**WHAT YOU NEED TO DO**. Return exactly the lines from the start of the records below through the line containing "#1=APPLICATION_CONTEXT('core data for", both ends included, and leave out the pictures.

**Extracted data entries**.
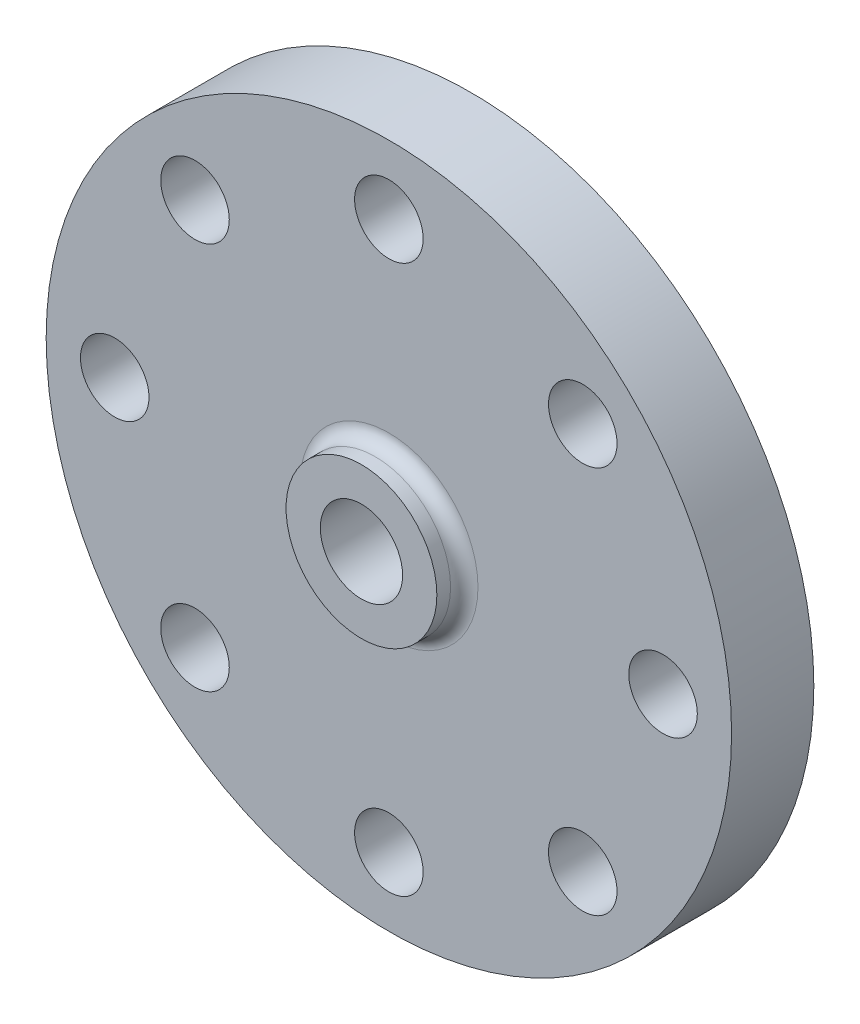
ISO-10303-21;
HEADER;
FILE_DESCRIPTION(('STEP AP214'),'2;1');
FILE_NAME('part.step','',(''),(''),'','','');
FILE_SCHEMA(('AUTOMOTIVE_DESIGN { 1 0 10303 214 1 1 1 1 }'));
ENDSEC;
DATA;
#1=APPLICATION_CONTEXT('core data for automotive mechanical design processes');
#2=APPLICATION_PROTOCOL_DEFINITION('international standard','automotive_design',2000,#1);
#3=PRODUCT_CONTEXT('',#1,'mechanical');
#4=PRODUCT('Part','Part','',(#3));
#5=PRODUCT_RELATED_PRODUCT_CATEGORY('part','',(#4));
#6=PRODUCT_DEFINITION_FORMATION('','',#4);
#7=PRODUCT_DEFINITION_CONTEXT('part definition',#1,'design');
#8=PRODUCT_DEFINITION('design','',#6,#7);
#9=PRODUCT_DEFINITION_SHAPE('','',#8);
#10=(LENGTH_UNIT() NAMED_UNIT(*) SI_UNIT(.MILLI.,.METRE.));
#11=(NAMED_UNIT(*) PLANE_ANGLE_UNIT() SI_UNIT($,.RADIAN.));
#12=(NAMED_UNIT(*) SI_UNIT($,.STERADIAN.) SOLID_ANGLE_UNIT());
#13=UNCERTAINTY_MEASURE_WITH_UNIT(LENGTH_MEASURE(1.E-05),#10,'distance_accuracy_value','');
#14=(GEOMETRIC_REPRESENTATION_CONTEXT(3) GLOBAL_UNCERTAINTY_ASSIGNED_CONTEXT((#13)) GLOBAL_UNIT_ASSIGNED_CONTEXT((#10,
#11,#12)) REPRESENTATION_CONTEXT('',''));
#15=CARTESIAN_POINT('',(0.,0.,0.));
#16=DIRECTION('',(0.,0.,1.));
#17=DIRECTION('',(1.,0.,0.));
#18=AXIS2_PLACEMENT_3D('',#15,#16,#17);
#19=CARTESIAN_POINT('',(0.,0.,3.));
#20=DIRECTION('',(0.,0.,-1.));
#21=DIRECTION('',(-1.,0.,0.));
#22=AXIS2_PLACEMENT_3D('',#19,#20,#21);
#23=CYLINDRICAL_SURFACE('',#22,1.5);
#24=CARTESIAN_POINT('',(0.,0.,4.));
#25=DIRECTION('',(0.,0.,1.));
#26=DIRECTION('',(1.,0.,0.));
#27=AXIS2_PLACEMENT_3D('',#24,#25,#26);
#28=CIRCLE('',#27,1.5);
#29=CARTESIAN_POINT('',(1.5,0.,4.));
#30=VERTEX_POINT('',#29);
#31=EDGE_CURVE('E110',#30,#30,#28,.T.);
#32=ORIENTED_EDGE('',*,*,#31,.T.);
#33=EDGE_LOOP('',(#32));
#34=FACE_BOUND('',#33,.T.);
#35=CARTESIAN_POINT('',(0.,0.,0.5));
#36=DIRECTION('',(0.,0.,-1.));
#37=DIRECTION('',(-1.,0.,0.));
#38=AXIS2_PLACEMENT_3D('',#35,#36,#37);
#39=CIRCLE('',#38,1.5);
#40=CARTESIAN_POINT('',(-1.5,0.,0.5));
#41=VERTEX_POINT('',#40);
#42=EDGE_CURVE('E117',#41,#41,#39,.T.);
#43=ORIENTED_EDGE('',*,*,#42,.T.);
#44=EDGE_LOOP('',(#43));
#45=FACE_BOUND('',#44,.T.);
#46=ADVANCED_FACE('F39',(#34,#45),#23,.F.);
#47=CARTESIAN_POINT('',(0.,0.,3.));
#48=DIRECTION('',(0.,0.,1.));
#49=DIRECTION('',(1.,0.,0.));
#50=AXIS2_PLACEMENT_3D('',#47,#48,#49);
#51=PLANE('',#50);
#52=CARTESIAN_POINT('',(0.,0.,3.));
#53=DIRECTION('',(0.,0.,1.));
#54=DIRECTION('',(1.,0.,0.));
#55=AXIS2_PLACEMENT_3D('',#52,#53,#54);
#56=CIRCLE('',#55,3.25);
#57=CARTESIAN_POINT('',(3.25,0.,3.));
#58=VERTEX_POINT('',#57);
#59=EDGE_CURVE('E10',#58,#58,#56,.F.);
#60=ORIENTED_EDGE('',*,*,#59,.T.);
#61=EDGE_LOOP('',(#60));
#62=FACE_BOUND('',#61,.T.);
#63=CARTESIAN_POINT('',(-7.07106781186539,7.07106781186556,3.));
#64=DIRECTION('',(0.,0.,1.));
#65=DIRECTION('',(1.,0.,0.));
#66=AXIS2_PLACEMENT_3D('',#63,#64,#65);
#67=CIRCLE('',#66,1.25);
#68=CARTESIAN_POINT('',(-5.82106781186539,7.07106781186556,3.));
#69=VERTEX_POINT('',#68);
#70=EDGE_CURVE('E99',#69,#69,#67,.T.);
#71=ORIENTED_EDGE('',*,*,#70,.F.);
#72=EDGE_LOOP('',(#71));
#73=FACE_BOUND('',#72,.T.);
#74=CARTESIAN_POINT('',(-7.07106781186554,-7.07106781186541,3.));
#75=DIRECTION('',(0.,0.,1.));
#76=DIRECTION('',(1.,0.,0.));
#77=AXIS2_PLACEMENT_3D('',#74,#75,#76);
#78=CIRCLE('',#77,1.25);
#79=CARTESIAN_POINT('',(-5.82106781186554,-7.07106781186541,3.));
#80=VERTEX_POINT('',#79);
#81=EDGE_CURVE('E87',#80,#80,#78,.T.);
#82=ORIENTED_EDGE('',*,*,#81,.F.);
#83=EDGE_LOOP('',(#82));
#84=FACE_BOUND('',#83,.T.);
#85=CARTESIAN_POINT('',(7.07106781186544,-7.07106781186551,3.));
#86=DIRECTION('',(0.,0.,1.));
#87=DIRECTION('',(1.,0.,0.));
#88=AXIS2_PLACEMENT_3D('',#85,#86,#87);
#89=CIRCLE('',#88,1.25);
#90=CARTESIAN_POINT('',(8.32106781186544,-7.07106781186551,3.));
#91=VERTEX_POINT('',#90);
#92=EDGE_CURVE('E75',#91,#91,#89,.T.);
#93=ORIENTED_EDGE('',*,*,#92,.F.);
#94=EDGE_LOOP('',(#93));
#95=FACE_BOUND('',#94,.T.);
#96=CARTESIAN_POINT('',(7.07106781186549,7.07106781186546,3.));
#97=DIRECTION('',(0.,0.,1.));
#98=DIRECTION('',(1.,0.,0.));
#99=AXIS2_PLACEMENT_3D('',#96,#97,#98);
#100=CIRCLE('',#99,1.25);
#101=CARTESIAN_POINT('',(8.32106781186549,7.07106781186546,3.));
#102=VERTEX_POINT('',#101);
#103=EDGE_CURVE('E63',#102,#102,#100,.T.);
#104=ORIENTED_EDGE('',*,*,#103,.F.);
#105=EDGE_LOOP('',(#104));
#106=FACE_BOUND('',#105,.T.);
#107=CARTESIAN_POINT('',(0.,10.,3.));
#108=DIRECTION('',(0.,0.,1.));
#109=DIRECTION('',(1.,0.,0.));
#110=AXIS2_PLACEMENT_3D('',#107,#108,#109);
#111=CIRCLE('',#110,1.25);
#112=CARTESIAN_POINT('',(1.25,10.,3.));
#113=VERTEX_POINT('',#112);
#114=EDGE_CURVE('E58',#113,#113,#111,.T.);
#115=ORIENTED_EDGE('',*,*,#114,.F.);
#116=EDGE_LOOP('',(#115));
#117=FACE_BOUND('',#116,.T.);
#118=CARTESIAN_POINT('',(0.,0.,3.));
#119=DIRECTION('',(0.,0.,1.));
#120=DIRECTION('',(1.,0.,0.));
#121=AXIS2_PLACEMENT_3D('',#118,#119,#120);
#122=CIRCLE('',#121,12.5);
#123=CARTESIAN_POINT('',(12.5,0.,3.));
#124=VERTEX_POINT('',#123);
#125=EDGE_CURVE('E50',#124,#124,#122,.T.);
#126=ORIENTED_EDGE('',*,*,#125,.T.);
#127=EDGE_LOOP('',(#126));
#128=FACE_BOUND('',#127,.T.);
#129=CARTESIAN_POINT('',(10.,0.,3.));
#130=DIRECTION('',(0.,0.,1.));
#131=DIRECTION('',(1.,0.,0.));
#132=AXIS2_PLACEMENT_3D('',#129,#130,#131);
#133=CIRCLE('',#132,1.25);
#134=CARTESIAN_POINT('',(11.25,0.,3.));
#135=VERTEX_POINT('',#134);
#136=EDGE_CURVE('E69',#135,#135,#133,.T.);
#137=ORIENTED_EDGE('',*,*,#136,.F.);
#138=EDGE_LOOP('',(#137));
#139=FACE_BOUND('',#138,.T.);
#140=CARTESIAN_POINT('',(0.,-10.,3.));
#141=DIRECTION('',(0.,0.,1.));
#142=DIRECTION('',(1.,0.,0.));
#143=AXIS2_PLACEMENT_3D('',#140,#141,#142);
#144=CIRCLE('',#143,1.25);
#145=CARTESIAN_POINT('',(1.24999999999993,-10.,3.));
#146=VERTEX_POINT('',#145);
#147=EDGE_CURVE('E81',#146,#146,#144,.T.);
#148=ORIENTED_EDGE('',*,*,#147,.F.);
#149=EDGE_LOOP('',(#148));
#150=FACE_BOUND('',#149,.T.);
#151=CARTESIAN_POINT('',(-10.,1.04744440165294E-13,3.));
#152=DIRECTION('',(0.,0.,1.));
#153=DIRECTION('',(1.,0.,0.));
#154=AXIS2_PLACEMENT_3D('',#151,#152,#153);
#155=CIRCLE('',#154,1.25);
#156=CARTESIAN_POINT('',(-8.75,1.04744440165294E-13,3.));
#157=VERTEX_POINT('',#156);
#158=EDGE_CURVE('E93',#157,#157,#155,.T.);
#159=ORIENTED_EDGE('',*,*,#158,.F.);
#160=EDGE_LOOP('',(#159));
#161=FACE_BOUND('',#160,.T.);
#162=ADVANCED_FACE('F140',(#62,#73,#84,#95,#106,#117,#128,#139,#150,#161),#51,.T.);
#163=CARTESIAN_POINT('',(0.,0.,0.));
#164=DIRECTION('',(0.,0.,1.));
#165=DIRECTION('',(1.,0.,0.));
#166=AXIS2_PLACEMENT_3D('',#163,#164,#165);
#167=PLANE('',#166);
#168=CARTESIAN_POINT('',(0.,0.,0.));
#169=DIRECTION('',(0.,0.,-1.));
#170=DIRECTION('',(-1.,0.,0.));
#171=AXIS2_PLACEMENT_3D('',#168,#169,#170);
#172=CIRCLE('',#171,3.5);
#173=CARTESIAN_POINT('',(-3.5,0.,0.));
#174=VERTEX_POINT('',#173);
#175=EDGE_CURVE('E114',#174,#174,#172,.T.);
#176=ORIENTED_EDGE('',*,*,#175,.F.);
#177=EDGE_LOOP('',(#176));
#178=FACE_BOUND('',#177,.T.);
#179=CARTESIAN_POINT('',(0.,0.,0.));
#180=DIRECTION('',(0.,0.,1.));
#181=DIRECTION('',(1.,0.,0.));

**RESPONSE BOX**.
ISO-10303-21;
HEADER;
FILE_DESCRIPTION(('STEP AP214'),'2;1');
FILE_NAME('part.step','',(''),(''),'','','');
FILE_SCHEMA(('AUTOMOTIVE_DESIGN { 1 0 10303 214 1 1 1 1 }'));
ENDSEC;
DATA;
#1=APPLICATION_CONTEXT('core data for automotive mechanical design processes');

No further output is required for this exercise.